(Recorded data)
◇ ◇ ◇
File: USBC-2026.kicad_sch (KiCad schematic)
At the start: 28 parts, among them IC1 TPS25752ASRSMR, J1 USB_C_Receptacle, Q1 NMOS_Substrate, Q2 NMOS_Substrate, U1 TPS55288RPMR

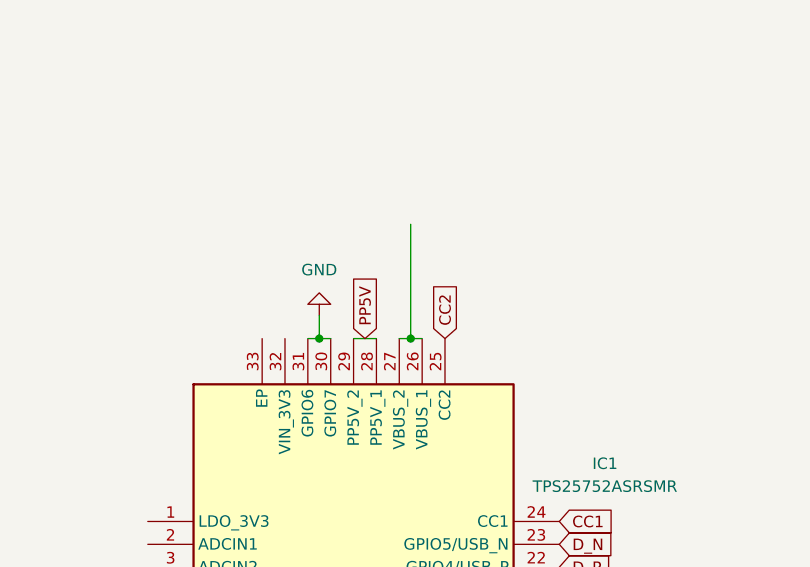
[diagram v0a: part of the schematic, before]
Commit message: Connected Vbus and PP5V to CD PD IC.
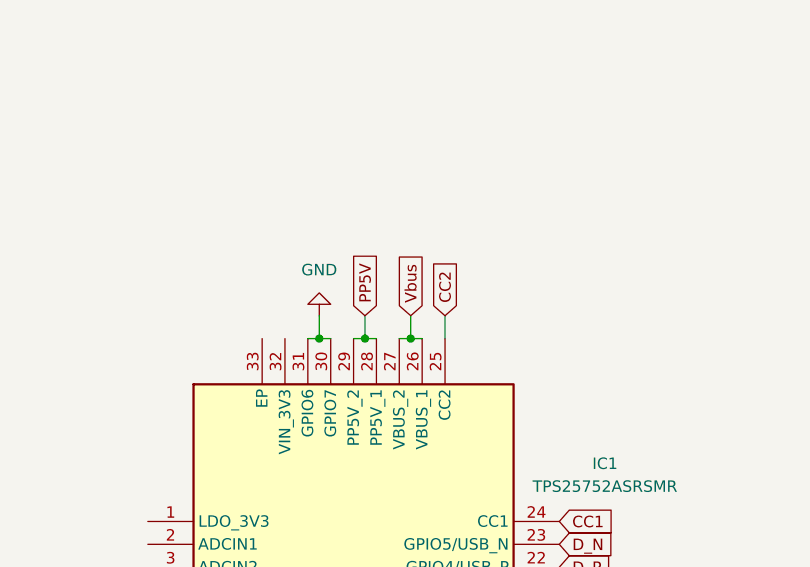
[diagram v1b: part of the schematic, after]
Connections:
- net Vbus: now also IC1.26 (VBUS_1), IC1.27 (VBUS_2)
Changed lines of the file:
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@@
+	)
+	(junction
+		(at 168.91 76.2)
+		(diameter 0)
+		(color 0 0 0 0)
 	)
 	(junction
@@
 	(wire
 		(pts
+			(xy 168.91 76.2) (xy 170.18 76.2)
+		)
+		(stroke
+			(width 0)
+			(type default)
+		)
+	)
+	(wire
+		(pts
 			(xy 24.13 184.15) (xy 26.67 184.15)
 		)
@@
 	(wire
 		(pts
-			(xy 167.64 76.2) (xy 170.18 76.2)
+			(xy 167.64 76.2) (xy 168.91 76.2)
 		)
 		(stroke
@@
 	(wire
 		(pts
+			(xy 168.91 73.66) (xy 168.91 76.2)
+		)
+		(stroke
+			(width 0)
+			(type default)
+		)
+	)
+	(wire
+		(pts
 			(xy 46.99 179.07) (xy 48.26 179.07)
 		)
@@
 	(wire
 		(pts
-			(xy 173.99 63.5) (xy 173.99 76.2)
+			(xy 173.99 73.66) (xy 173.99 76.2)
 		)
 		(stroke
@@
 	(wire
 		(pts
+			(xy 177.8 73.66) (xy 177.8 76.2)
+		)
+		(stroke
+			(width 0)
+			(type default)
+		)
+	)
+	(wire
+		(pts
 			(xy 24.13 176.53) (xy 30.48 176.53)
 		)
@@
 	(global_label "Vbus"
 		(shape input)
+		(at 173.99 73.66 90)
+		(fields_autoplaced yes)
+		(effects
+			(font
+				(size 1.27 1.27)
+			)
+			(justify left)
+		)
+		(property "Intersheetrefs" "${INTERSHEET_REFS}"
+			(at 173.99 66.2601 90)
+			(hide yes)
+			(show_name no)
+			(do_not_autoplace no)
+			(effects
+				(font
+					(size 1.27 1.27)
+				)
+				(justify left)
+			)
+		)
+	)
+	(global_label "Vbus"
+		(shape input)
 		(at 24.13 184.15 180)
 		(fields_autoplaced yes)
@@
 	(global_label "CC2"
 		(shape input)
-		(at 177.8 76.2 90)
+		(at 177.8 73.66 90)
 		(fields_autoplaced yes)
 		(effects
@@
 		)
 		(property "Intersheetrefs" "${INTERSHEET_REFS}"
-			(at 177.8 69.4653 90)
+			(at 177.8 66.9253 90)
 			(hide yes)
 			(show_name no)
@@
 	(global_label "PP5V"
 		(shape input)
-		(at 168.91 76.2 90)
+		(at 168.91 73.66 90)
 		(fields_autoplaced yes)
 		(effects
@@
 		)
 		(property "Intersheetrefs" "${INTERSHEET_REFS}"
-			(at 168.91 68.3767 90)
-			(hide yes)
-			(show_name no)
+			(at 168.91 65.8367 90)
+			(hide yes)
+			(show_name no)

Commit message: Removed 5V converter.
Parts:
- removed C10: 200n, symbol Device:C
- removed C11: 45p, symbol Device:C
- removed C12, C13: 22u, symbol Device:C
- removed C9: 10u, symbol Device:C
- removed L1: 3.3u, symbol Device:L
- removed MOSFET1: AP62300WU-7, TSOT26_DIO, symbol symbol_library:AP62300WU-7
- removed R4: 52.3k, symbol Device:R_US
- removed R5: 10k, symbol Device:R_US
- removed R6: 14M, symbol Device:R_US
- removed R7: 10M, symbol Device:R_US
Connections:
- net PP5V renamed +5V
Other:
- note removed: "****5V,3A Buck****"
- note removed: "/\ This one is optional"

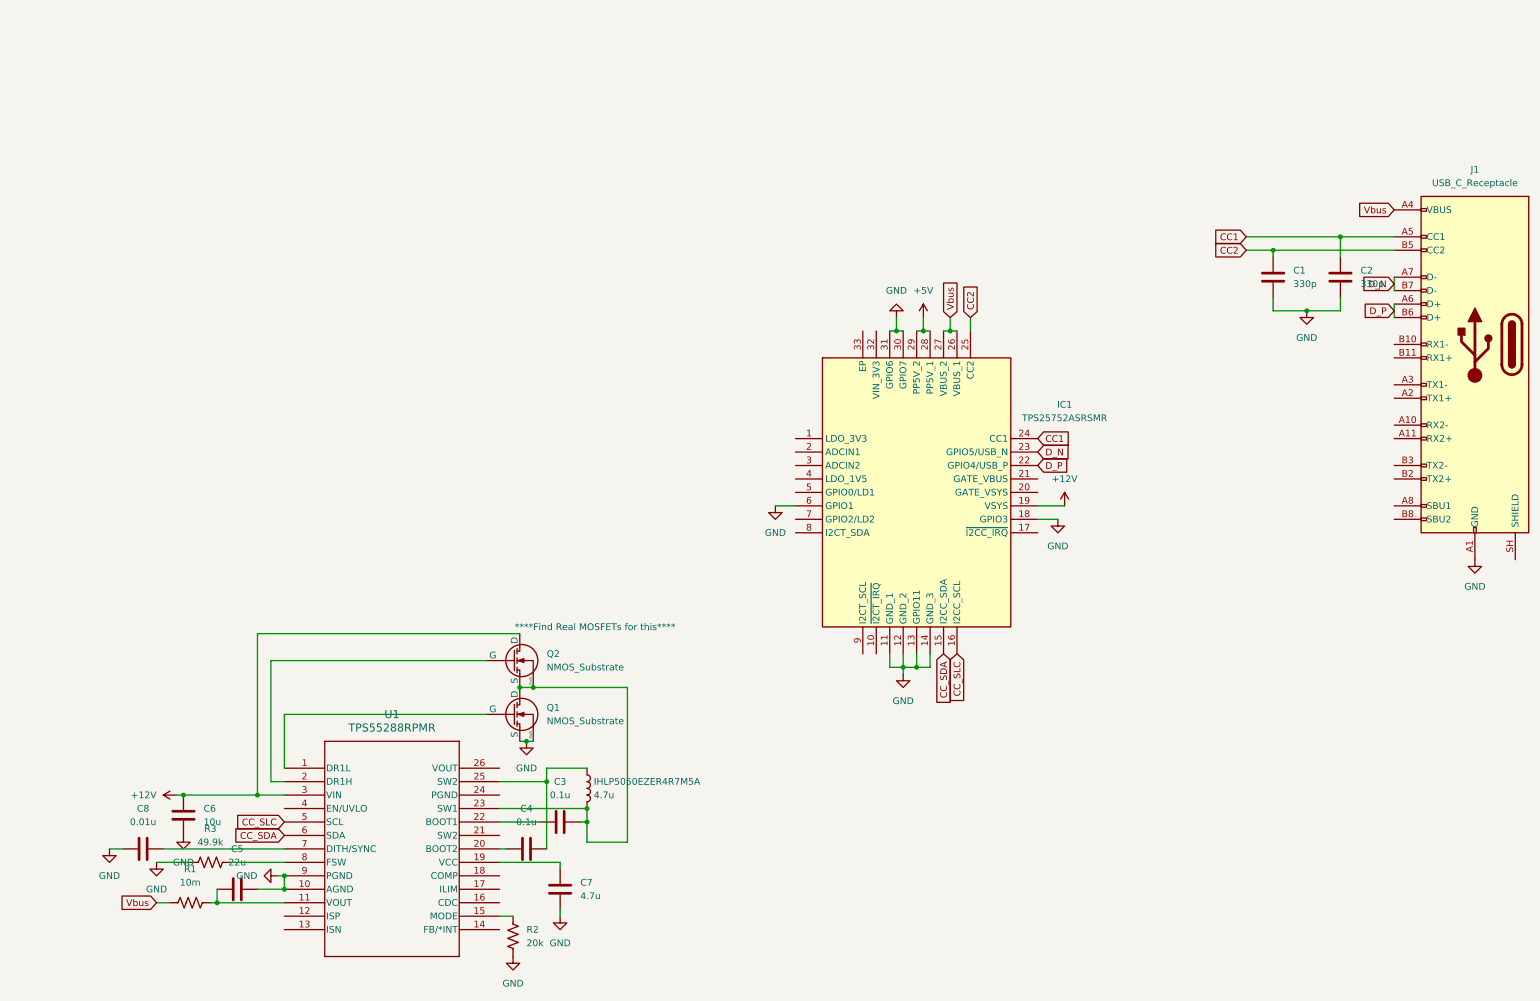
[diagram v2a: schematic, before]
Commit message: Connected PD controller 3v3 and 1v5.
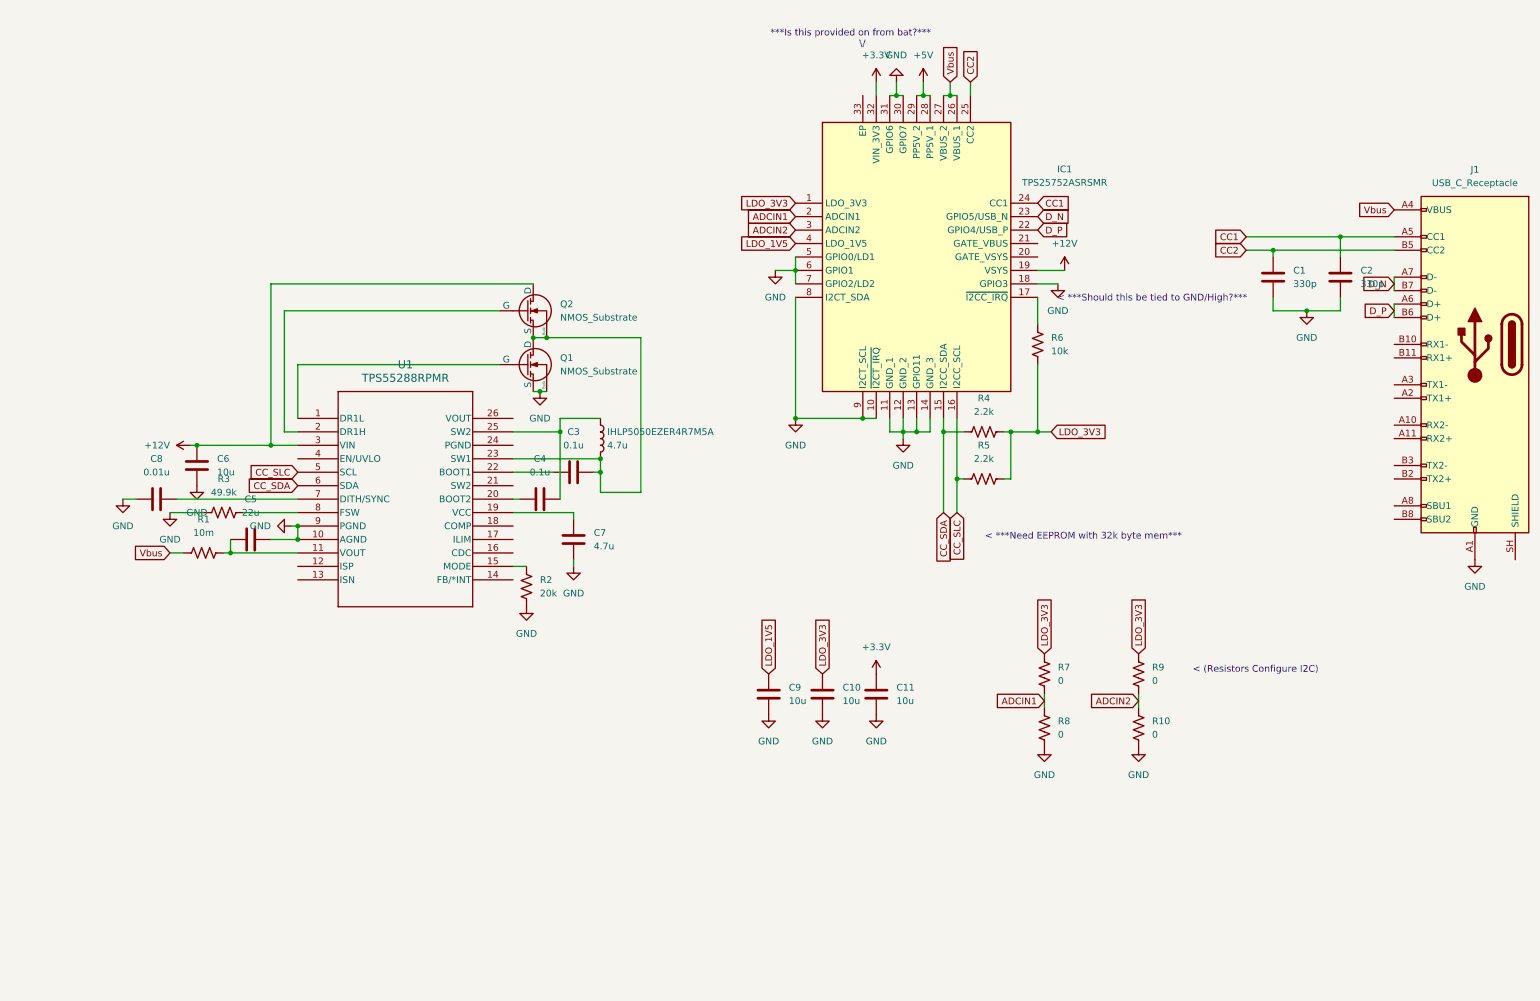
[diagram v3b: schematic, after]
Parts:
- added C10, C11, C9: 10u, symbol Device:C
- added R10, R7, R8, R9: 0, symbol Device:R_US
- added R4, R5: 2.2k, symbol Device:R_US
- added R6: 10k, symbol Device:R_US
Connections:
- net CC_SDA: now also R4.1
- net CC_SLC: now also R5.1
- net GND: now also IC1.10 (~{I2CT_IRQ}), IC1.5 (GPIO0/LD1), IC1.7 (GPIO2/LD2), IC1.8 (I2CT_SDA), IC1.9 (I2CT_SCL), C10.1, C11.2, C9.1, R10.2, R8.2
- net LDO_3V3: now reaches IC1.1 (LDO_3V3)
- net LDO_3V3: now also C10.2, R4.2, R5.2, R6.1, R7.1, R9.1
- net at IC1.17 (~{I2CC_IRQ}): now also R6.2
- net ADCIN1: now reaches IC1.2 (ADCIN1)
- net ADCIN1: now also R7.2, R8.1
- net ADCIN2: now reaches IC1.3 (ADCIN2)
- net ADCIN2: now also R10.1, R9.2
- net +3.3V: now reaches IC1.32 (VIN_3V3)
- net +3.3V: now also C11.1
- net LDO_1V5: now reaches IC1.4 (LDO_1V5)
- net LDO_1V5: now also C9.2
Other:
- note added: "***Is this provided on from bat?*** \/"
- note added: "< (Resistors Configure I2C)"
- note added: "< ***Need EEPROM with 32k byte mem***"
- note added: "< ***Should this be tied to GND/High?***"
- note removed: "****Find Real MOSFETs for this****"
- moved on the sheet: C3, C4, C5, C6, C7, C8, IC1, IHLP5050EZER4R7M5A, Q1, Q2, R1, R2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

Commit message: Imported PD controller EEPROM.
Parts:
- added U2: AT24C512C-SHM-B, 8X_MCH, symbol symbol_library:AT24C512C-SHM-B
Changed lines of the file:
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@@
+	)
+	(symbol
+		(lib_id "symbol_library:AT24C512C-SHM-B")
+		(at 60.96 45.72 0)
+		(unit 1)
+		(body_style 1)
+		(exclude_from_sim no)
+		(in_bom yes)
+		(on_board yes)
+		(in_pos_files yes)
+		(dnp no)
+		(fields_autoplaced yes)
+		(property "Reference" "U2"
+			(at 88.9 35.56 0)
+			(show_name no)
+			(do_not_autoplace no)
+			(effects
+				(font
+					(size 1.524 1.524)
+				)
+			)
+		)
+		(property "Value" "AT24C512C-SHM-B"
+			(at 88.9 38.1 0)
+			(show_name no)
+			(do_not_autoplace no)
+			(effects
+				(font
+					(size 1.524 1.524)
+				)
+			)
+		)
+		(property "Footprint" "8X_MCH"
+			(at 60.96 45.72 0)
+			(hide yes)
+			(show_name no)
+			(do_not_autoplace no)
+			(effects
+				(font
+					(size 1.27 1.27)
+					(italic yes)
+				)
+			)
+		)
+		(property "Datasheet" "AT24C512C-SHM-B"
+			(at 60.96 45.72 0)
+			(hide yes)
+			(show_name no)
+			(do_not_autoplace no)
+			(effects
+				(font
+					(size 1.27 1.27)
+					(italic yes)
+				)
+			)
+		)
+		(property "Description" ""
+			(at 60.96 45.72 0)
+			(hide yes)
+			(show_name no)
+			(do_not_autoplace no)
+			(effects
+				(font
+					(size 1.27 1.27)
+				)
+			)
+		)
+		(pin "1"
+		)
+		(pin "8"
+		)
+		(pin "7"
+		)
+		(pin "6"
+		)
+		(pin "5"
+		)
+		(pin "4"
+		)
+		(pin "3"
+		)
+		(pin "2"
+		)
+		(instances
+			(project "USBC-2026"
+				(path "/0c056c42-d02c-4bee-adc4-fcbb18375f33"
+					(reference "U2")
+					(unit 1)
+				)
+			)
+		)
 	)
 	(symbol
◇ ◇ ◇
◆ **Task objective**: Without the pictures, repeat all the records word for word.

◆ **Completed exercise**:
File: USBC-2026.kicad_sch (KiCad schematic)
At the start: 28 parts, among them IC1 TPS25752ASRSMR, J1 USB_C_Receptacle, Q1 NMOS_Substrate, Q2 NMOS_Substrate, U1 TPS55288RPMR

[diagram v0a: part of the schematic, before]
Commit message: Connected Vbus and PP5V to CD PD IC.
[diagram v1b: part of the schematic, after]
Connections:
- net Vbus: now also IC1.26 (VBUS_1), IC1.27 (VBUS_2)
Changed lines of the file:
@@
+	)
+	(junction
+		(at 168.91 76.2)
+		(diameter 0)
+		(color 0 0 0 0)
 	)
 	(junction
@@
 	(wire
 		(pts
+			(xy 168.91 76.2) (xy 170.18 76.2)
+		)
+		(stroke
+			(width 0)
+			(type default)
+		)
+	)
+	(wire
+		(pts
 			(xy 24.13 184.15) (xy 26.67 184.15)
 		)
@@
 	(wire
 		(pts
-			(xy 167.64 76.2) (xy 170.18 76.2)
+			(xy 167.64 76.2) (xy 168.91 76.2)
 		)
 		(stroke
@@
 	(wire
 		(pts
+			(xy 168.91 73.66) (xy 168.91 76.2)
+		)
+		(stroke
+			(width 0)
+			(type default)
+		)
+	)
+	(wire
+		(pts
 			(xy 46.99 179.07) (xy 48.26 179.07)
 		)
@@
 	(wire
 		(pts
-			(xy 173.99 63.5) (xy 173.99 76.2)
+			(xy 173.99 73.66) (xy 173.99 76.2)
 		)
 		(stroke
@@
 	(wire
 		(pts
+			(xy 177.8 73.66) (xy 177.8 76.2)
+		)
+		(stroke
+			(width 0)
+			(type default)
+		)
+	)
+	(wire
+		(pts
 			(xy 24.13 176.53) (xy 30.48 176.53)
 		)
@@
 	(global_label "Vbus"
 		(shape input)
+		(at 173.99 73.66 90)
+		(fields_autoplaced yes)
+		(effects
+			(font
+				(size 1.27 1.27)
+			)
+			(justify left)
+		)
+		(property "Intersheetrefs" "${INTERSHEET_REFS}"
+			(at 173.99 66.2601 90)
+			(hide yes)
+			(show_name no)
+			(do_not_autoplace no)
+			(effects
+				(font
+					(size 1.27 1.27)
+				)
+				(justify left)
+			)
+		)
+	)
+	(global_label "Vbus"
+		(shape input)
 		(at 24.13 184.15 180)
 		(fields_autoplaced yes)
@@
 	(global_label "CC2"
 		(shape input)
-		(at 177.8 76.2 90)
+		(at 177.8 73.66 90)
 		(fields_autoplaced yes)
 		(effects
@@
 		)
 		(property "Intersheetrefs" "${INTERSHEET_REFS}"
-			(at 177.8 69.4653 90)
+			(at 177.8 66.9253 90)
 			(hide yes)
 			(show_name no)
@@
 	(global_label "PP5V"
 		(shape input)
-		(at 168.91 76.2 90)
+		(at 168.91 73.66 90)
 		(fields_autoplaced yes)
 		(effects
@@
 		)
 		(property "Intersheetrefs" "${INTERSHEET_REFS}"
-			(at 168.91 68.3767 90)
-			(hide yes)
-			(show_name no)
+			(at 168.91 65.8367 90)
+			(hide yes)
+			(show_name no)

Commit message: Removed 5V converter.
Parts:
- removed C10: 200n, symbol Device:C
- removed C11: 45p, symbol Device:C
- removed C12, C13: 22u, symbol Device:C
- removed C9: 10u, symbol Device:C
- removed L1: 3.3u, symbol Device:L
- removed MOSFET1: AP62300WU-7, TSOT26_DIO, symbol symbol_library:AP62300WU-7
- removed R4: 52.3k, symbol Device:R_US
- removed R5: 10k, symbol Device:R_US
- removed R6: 14M, symbol Device:R_US
- removed R7: 10M, symbol Device:R_US
Connections:
- net PP5V renamed +5V
Other:
- note removed: "****5V,3A Buck****"
- note removed: "/\ This one is optional"

[diagram v2a: schematic, before]
Commit message: Connected PD controller 3v3 and 1v5.
[diagram v3b: schematic, after]
Parts:
- added C10, C11, C9: 10u, symbol Device:C
- added R10, R7, R8, R9: 0, symbol Device:R_US
- added R4, R5: 2.2k, symbol Device:R_US
- added R6: 10k, symbol Device:R_US
Connections:
- net CC_SDA: now also R4.1
- net CC_SLC: now also R5.1
- net GND: now also IC1.10 (~{I2CT_IRQ}), IC1.5 (GPIO0/LD1), IC1.7 (GPIO2/LD2), IC1.8 (I2CT_SDA), IC1.9 (I2CT_SCL), C10.1, C11.2, C9.1, R10.2, R8.2
- net LDO_3V3: now reaches IC1.1 (LDO_3V3)
- net LDO_3V3: now also C10.2, R4.2, R5.2, R6.1, R7.1, R9.1
- net at IC1.17 (~{I2CC_IRQ}): now also R6.2
- net ADCIN1: now reaches IC1.2 (ADCIN1)
- net ADCIN1: now also R7.2, R8.1
- net ADCIN2: now reaches IC1.3 (ADCIN2)
- net ADCIN2: now also R10.1, R9.2
- net +3.3V: now reaches IC1.32 (VIN_3V3)
- net +3.3V: now also C11.1
- net LDO_1V5: now reaches IC1.4 (LDO_1V5)
- net LDO_1V5: now also C9.2
Other:
- note added: "***Is this provided on from bat?*** \/"
- note added: "< (Resistors Configure I2C)"
- note added: "< ***Need EEPROM with 32k byte mem***"
- note added: "< ***Should this be tied to GND/High?***"
- note removed: "****Find Real MOSFETs for this****"
- moved on the sheet: C3, C4, C5, C6, C7, C8, IC1, IHLP5050EZER4R7M5A, Q1, Q2, R1, R2

Commit message: Imported PD controller EEPROM.
Parts:
- added U2: AT24C512C-SHM-B, 8X_MCH, symbol symbol_library:AT24C512C-SHM-B
Changed lines of the file:
@@
+	)
+	(symbol
+		(lib_id "symbol_library:AT24C512C-SHM-B")
+		(at 60.96 45.72 0)
+		(unit 1)
+		(body_style 1)
+		(exclude_from_sim no)
+		(in_bom yes)
+		(on_board yes)
+		(in_pos_files yes)
+		(dnp no)
+		(fields_autoplaced yes)
+		(property "Reference" "U2"
+			(at 88.9 35.56 0)
+			(show_name no)
+			(do_not_autoplace no)
+			(effects
+				(font
+					(size 1.524 1.524)
+				)
+			)
+		)
+		(property "Value" "AT24C512C-SHM-B"
+			(at 88.9 38.1 0)
+			(show_name no)
+			(do_not_autoplace no)
+			(effects
+				(font
+					(size 1.524 1.524)
+				)
+			)
+		)
+		(property "Footprint" "8X_MCH"
+			(at 60.96 45.72 0)
+			(hide yes)
+			(show_name no)
+			(do_not_autoplace no)
+			(effects
+				(font
+					(size 1.27 1.27)
+					(italic yes)
+				)
+			)
+		)
+		(property "Datasheet" "AT24C512C-SHM-B"
+			(at 60.96 45.72 0)
+			(hide yes)
+			(show_name no)
+			(do_not_autoplace no)
+			(effects
+				(font
+					(size 1.27 1.27)
+					(italic yes)
+				)
+			)
+		)
+		(property "Description" ""
+			(at 60.96 45.72 0)
+			(hide yes)
+			(show_name no)
+			(do_not_autoplace no)
+			(effects
+				(font
+					(size 1.27 1.27)
+				)
+			)
+		)
+		(pin "1"
+		)
+		(pin "8"
+		)
+		(pin "7"
+		)
+		(pin "6"
+		)
+		(pin "5"
+		)
+		(pin "4"
+		)
+		(pin "3"
+		)
+		(pin "2"
+		)
+		(instances
+			(project "USBC-2026"
+				(path "/0c056c42-d02c-4bee-adc4-fcbb18375f33"
+					(reference "U2")
+					(unit 1)
+				)
+			)
+		)
 	)
 	(symbol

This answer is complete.